Giovedì 2 Luglio 2020 di Pasquale Esposito
Un malore improvviso, nel cuore della notte. Un arresto cardiocircolatorio, o forse un aneurisma, se ne è andato così Gianpaolo Leonetti, 78 anni (era nato l'11 febbraio 1942), trovato senza vita ieri mattina nella sua casa, Villa Poggio Fiorito, là dove comincia via Aniello Falcone. La notizia è cominciata a diffondersi alla conclusione del funerale di Rosario Rusciano, nella chiesa di San Pasquale: e al compianto per la scomparsa dell'uno si è sommato il rimpianto per la dipartita di Gianpaolo Leonetti.

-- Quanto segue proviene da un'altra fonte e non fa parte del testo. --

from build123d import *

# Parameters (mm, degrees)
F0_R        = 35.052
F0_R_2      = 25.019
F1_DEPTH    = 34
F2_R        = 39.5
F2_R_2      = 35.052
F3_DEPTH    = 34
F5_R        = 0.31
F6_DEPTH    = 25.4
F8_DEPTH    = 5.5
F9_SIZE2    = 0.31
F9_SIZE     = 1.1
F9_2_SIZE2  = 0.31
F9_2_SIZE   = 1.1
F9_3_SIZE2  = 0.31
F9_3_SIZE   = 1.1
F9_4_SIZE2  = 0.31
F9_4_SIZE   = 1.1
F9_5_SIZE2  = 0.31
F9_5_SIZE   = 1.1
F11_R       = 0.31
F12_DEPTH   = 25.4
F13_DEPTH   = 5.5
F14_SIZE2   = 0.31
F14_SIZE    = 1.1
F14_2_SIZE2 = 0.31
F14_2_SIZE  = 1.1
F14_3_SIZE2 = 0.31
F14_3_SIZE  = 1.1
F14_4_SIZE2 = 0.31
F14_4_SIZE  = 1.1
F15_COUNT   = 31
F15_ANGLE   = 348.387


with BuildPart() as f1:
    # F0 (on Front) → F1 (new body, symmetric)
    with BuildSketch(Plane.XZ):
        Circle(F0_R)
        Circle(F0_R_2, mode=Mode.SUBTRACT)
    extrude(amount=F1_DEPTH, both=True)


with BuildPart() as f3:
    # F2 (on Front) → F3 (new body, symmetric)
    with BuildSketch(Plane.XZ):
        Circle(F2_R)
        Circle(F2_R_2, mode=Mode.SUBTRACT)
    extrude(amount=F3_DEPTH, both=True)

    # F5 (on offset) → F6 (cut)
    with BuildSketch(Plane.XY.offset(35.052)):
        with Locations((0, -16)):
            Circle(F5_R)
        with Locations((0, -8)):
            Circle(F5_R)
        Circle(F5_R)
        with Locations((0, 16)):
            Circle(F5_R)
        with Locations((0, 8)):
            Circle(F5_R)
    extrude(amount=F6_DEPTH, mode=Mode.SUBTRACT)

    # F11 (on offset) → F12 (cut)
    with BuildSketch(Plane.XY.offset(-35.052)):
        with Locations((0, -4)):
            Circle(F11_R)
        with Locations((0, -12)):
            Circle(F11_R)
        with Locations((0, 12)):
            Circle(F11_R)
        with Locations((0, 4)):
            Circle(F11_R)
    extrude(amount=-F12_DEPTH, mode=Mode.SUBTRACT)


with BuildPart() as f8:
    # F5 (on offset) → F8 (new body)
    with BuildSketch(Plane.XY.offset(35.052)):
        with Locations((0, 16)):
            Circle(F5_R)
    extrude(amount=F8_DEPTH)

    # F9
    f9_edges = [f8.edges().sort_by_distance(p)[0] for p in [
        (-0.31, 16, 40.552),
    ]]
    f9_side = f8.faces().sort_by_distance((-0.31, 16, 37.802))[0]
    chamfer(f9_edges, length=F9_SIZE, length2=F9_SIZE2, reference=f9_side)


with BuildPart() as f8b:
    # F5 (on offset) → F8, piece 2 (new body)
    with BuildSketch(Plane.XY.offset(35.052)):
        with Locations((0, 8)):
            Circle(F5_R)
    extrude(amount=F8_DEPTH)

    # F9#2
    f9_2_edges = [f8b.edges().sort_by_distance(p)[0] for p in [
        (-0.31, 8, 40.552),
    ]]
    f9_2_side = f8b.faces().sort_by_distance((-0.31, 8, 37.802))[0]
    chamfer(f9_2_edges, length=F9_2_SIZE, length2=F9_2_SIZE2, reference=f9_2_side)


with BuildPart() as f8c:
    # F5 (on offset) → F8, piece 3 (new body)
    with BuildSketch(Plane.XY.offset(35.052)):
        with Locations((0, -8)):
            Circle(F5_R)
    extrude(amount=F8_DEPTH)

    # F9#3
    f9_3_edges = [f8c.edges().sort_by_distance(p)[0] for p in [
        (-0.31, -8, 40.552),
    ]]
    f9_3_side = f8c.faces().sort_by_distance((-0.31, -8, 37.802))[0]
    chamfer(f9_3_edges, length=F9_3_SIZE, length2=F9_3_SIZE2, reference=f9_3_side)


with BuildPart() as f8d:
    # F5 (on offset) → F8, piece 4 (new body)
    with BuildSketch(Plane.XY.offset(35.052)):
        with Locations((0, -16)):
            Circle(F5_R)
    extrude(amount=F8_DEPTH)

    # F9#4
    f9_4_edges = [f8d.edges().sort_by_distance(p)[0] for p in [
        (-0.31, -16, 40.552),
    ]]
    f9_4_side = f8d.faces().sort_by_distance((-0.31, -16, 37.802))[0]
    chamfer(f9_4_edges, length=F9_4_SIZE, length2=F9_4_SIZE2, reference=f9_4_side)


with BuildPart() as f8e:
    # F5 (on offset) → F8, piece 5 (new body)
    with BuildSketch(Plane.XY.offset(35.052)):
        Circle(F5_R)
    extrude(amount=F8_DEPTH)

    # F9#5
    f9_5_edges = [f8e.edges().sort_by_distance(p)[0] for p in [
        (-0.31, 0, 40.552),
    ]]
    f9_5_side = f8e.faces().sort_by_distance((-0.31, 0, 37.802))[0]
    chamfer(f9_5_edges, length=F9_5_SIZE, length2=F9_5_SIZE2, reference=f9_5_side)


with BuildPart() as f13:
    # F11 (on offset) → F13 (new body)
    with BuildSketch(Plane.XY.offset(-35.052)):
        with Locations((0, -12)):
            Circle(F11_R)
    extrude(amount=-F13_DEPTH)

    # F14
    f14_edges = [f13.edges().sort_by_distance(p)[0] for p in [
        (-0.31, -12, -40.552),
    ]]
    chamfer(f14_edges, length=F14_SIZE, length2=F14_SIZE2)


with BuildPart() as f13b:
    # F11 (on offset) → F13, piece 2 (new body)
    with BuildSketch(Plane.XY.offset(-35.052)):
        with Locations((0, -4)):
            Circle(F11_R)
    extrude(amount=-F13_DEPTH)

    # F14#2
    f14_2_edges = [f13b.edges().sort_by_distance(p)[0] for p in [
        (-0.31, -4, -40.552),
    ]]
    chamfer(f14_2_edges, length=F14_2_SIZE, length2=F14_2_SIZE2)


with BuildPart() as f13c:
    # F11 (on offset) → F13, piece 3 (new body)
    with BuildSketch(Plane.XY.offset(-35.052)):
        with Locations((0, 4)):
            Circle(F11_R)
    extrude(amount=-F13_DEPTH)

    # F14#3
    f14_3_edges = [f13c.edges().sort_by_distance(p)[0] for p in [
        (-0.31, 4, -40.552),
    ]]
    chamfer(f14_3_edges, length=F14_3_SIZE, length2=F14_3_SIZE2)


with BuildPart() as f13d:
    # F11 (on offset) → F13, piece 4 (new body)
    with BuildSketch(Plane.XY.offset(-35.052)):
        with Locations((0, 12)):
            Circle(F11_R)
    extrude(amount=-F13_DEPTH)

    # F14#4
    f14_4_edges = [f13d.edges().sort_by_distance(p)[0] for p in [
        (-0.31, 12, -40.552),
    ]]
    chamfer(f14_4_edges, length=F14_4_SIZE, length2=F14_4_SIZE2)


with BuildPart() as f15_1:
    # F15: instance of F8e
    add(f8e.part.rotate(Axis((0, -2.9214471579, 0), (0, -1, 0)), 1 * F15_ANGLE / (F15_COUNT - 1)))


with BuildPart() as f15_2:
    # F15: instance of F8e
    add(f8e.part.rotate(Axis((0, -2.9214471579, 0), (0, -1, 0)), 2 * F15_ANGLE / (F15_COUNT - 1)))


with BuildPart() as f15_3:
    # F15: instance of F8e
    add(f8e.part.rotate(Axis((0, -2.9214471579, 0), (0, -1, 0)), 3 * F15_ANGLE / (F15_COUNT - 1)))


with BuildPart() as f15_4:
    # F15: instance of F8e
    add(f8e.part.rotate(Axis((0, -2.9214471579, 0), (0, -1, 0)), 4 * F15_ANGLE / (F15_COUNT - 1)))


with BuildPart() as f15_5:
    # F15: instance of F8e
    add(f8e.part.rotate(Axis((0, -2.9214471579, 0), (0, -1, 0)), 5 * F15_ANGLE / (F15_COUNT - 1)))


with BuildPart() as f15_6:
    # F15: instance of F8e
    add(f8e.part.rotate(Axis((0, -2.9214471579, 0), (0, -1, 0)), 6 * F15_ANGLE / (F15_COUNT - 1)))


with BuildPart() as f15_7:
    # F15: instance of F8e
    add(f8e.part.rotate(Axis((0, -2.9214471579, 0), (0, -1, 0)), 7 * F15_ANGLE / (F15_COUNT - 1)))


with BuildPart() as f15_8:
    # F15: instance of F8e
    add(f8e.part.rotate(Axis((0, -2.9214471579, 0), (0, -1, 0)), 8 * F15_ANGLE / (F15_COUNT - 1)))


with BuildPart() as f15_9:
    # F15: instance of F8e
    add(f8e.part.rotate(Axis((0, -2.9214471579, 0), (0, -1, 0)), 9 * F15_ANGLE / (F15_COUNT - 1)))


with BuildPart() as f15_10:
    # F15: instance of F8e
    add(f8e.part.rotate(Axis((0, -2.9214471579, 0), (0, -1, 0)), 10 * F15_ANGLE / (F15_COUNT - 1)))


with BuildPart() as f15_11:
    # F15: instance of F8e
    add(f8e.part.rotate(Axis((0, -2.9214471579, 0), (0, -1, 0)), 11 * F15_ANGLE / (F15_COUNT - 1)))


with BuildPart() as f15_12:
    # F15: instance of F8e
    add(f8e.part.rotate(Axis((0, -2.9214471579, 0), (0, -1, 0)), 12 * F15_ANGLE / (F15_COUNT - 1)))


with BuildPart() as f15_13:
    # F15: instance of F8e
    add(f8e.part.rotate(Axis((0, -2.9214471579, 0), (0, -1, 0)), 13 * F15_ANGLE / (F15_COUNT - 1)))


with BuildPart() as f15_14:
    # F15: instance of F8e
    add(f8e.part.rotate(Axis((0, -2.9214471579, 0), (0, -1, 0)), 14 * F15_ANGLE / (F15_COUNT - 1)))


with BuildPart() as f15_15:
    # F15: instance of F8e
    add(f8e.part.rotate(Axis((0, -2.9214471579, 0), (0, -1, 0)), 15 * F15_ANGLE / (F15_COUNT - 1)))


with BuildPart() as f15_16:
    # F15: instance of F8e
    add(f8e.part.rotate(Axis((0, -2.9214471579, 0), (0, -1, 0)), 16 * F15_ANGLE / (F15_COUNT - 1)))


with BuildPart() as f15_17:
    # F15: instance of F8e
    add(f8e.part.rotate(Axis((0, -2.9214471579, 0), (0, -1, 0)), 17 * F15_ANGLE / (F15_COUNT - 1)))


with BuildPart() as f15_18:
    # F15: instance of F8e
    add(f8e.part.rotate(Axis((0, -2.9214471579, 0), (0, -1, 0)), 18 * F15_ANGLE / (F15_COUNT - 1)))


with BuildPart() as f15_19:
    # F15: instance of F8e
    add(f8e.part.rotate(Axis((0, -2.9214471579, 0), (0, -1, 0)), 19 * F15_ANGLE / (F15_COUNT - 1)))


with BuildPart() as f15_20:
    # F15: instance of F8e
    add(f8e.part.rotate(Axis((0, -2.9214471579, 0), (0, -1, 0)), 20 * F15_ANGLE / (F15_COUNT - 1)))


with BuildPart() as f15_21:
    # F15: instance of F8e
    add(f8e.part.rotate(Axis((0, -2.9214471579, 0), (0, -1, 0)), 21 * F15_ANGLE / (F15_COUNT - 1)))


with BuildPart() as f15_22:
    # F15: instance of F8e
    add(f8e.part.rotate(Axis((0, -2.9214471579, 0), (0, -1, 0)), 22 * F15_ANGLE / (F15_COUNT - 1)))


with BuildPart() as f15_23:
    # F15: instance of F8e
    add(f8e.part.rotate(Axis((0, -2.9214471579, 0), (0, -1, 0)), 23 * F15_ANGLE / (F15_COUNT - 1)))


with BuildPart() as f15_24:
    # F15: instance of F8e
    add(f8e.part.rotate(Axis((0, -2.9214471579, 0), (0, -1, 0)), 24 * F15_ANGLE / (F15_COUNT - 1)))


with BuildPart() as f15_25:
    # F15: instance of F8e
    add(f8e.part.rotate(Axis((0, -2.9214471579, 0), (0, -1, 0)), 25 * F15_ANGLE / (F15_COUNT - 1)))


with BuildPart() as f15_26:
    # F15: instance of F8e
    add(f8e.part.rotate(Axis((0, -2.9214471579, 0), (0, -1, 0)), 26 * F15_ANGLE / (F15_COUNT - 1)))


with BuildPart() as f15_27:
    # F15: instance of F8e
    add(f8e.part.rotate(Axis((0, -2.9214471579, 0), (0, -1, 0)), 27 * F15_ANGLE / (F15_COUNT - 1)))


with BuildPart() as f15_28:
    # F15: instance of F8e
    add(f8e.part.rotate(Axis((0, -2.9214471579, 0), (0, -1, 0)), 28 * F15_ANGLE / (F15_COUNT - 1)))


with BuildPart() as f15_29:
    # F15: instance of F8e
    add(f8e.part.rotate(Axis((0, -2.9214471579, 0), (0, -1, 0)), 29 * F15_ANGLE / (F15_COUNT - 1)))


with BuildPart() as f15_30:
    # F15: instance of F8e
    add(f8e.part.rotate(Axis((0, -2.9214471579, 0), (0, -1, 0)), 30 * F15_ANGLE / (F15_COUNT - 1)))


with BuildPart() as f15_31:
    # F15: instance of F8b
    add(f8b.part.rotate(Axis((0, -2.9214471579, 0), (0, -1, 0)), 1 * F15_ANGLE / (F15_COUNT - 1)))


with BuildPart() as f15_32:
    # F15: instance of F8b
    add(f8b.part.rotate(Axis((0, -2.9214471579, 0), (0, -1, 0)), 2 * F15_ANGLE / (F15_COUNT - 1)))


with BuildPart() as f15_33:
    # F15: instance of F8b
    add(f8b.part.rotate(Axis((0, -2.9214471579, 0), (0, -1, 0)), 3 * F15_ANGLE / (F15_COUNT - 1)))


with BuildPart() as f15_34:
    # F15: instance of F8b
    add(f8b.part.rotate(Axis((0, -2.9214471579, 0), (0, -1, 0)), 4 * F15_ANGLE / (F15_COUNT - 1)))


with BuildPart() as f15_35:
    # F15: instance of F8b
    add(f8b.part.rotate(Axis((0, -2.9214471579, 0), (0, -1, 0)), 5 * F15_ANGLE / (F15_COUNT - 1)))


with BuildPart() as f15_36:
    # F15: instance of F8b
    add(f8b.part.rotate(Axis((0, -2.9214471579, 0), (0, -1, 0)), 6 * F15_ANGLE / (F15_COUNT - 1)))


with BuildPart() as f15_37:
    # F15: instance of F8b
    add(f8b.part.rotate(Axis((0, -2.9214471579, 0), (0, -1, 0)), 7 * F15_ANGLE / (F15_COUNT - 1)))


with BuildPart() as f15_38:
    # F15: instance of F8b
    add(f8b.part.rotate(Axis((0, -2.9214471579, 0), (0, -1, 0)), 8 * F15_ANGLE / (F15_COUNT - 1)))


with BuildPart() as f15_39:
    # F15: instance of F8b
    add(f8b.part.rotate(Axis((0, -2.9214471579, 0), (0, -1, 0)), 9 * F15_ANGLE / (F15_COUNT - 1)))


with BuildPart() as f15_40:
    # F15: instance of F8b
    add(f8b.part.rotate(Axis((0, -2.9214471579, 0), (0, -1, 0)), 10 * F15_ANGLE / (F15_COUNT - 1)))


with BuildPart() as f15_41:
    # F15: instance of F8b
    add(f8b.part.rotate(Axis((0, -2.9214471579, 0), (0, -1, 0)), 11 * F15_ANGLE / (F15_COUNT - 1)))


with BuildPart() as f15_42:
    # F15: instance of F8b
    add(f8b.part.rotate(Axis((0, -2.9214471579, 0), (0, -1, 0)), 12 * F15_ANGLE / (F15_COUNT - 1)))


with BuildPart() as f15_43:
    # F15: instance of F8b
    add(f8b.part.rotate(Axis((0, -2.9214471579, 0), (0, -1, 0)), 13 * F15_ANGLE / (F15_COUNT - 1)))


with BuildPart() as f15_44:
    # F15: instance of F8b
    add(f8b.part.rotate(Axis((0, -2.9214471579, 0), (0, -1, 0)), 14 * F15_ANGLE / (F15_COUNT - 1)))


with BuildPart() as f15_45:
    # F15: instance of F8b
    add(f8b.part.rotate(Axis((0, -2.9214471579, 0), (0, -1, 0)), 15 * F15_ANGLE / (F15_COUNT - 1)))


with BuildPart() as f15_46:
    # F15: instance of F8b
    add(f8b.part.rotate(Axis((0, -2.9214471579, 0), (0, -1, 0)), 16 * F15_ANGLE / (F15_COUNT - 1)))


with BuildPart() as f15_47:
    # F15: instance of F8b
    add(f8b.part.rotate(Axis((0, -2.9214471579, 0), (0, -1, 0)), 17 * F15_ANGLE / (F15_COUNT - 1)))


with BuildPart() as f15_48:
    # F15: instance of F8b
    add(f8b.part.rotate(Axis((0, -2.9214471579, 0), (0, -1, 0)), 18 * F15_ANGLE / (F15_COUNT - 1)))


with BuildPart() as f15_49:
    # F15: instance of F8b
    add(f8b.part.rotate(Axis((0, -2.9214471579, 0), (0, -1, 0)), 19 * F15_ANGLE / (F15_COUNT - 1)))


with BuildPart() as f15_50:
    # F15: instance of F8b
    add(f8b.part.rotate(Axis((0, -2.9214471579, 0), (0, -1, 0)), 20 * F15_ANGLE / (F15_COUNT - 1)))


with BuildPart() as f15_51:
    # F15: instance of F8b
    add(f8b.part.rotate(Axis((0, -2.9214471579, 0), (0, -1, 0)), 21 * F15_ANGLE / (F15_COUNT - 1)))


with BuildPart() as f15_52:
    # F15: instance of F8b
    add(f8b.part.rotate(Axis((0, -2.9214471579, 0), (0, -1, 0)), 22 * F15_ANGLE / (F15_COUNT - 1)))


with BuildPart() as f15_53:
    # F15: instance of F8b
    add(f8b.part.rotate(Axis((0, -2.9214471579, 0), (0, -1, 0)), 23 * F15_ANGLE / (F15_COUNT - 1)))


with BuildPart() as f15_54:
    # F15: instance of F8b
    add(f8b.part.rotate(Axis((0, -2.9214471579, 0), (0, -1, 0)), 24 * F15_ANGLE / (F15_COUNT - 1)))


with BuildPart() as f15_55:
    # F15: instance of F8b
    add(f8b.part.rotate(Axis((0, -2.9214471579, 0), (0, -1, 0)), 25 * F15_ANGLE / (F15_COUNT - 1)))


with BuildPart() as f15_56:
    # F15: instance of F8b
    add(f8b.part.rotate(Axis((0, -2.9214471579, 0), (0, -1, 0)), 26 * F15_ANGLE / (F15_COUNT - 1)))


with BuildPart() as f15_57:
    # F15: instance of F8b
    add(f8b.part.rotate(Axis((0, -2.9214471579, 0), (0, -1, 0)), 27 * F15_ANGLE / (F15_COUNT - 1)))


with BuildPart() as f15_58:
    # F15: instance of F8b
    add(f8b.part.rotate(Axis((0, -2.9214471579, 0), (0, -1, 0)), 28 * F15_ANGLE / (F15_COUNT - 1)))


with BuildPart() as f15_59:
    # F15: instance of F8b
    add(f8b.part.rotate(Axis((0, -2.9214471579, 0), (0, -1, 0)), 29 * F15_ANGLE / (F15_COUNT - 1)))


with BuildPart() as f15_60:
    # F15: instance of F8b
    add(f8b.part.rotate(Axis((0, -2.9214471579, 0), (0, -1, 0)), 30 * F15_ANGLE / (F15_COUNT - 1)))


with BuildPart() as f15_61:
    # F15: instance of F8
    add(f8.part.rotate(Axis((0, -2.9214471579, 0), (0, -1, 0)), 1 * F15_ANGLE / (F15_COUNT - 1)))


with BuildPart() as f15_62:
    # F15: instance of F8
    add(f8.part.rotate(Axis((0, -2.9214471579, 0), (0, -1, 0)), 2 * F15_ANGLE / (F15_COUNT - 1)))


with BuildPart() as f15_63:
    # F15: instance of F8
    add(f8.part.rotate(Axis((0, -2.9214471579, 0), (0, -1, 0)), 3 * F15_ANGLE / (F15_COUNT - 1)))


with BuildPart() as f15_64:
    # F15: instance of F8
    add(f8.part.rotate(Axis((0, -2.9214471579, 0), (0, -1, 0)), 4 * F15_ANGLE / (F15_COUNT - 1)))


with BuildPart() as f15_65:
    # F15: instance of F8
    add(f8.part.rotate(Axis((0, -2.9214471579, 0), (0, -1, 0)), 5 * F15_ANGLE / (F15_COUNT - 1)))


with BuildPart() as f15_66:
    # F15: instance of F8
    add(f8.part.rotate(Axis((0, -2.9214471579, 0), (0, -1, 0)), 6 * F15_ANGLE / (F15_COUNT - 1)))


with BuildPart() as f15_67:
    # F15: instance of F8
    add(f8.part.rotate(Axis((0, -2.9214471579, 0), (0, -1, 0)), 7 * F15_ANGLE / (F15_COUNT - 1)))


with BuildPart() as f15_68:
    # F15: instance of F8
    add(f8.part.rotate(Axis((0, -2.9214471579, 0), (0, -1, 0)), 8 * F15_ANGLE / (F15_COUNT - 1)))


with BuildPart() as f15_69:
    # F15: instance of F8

I funerali si terranno a piazza Trieste e Trento, a San Ferdinando, chiesa di cui era confratello, quasi certamente domani, perché si attende l'arrivo dal Brasile, dove vive da anni, di Raffaele Leonetti, il più grande dei figli di Tommaso, conte di Santo Janni, e Laura Caravita di Sirignano, ai quali è dedicato il Premio Leonetti, a cura di Maria Grazia, con l'incondizionato sostegno di tutta la famiglia, e di Gianpaolo in particolare. «Raffaele - commenta Maria Grazia - è per noi, per me, il fratello grande, Gianpaolo era il grande fratello per le sue capacità di comunicazione, di mediazione. Mancherà non solo alla famiglia, ma alla città, ai tanti amici che gli volevano bene». E Sandro Pasca, attuale Soprintendente del Pio Monte afferma: «La scomparsa di Gianpaolo Leonetti è una grossa perdita: incarnava il senso statutario del Pio Monte, assistere i bisognosi. Gianpaolo legava fortemente la sua azione a quella del padre, i ricordi paterni sono stati per lui momento continuo di spinta per portare avanti le iniziative del nostro Istituto».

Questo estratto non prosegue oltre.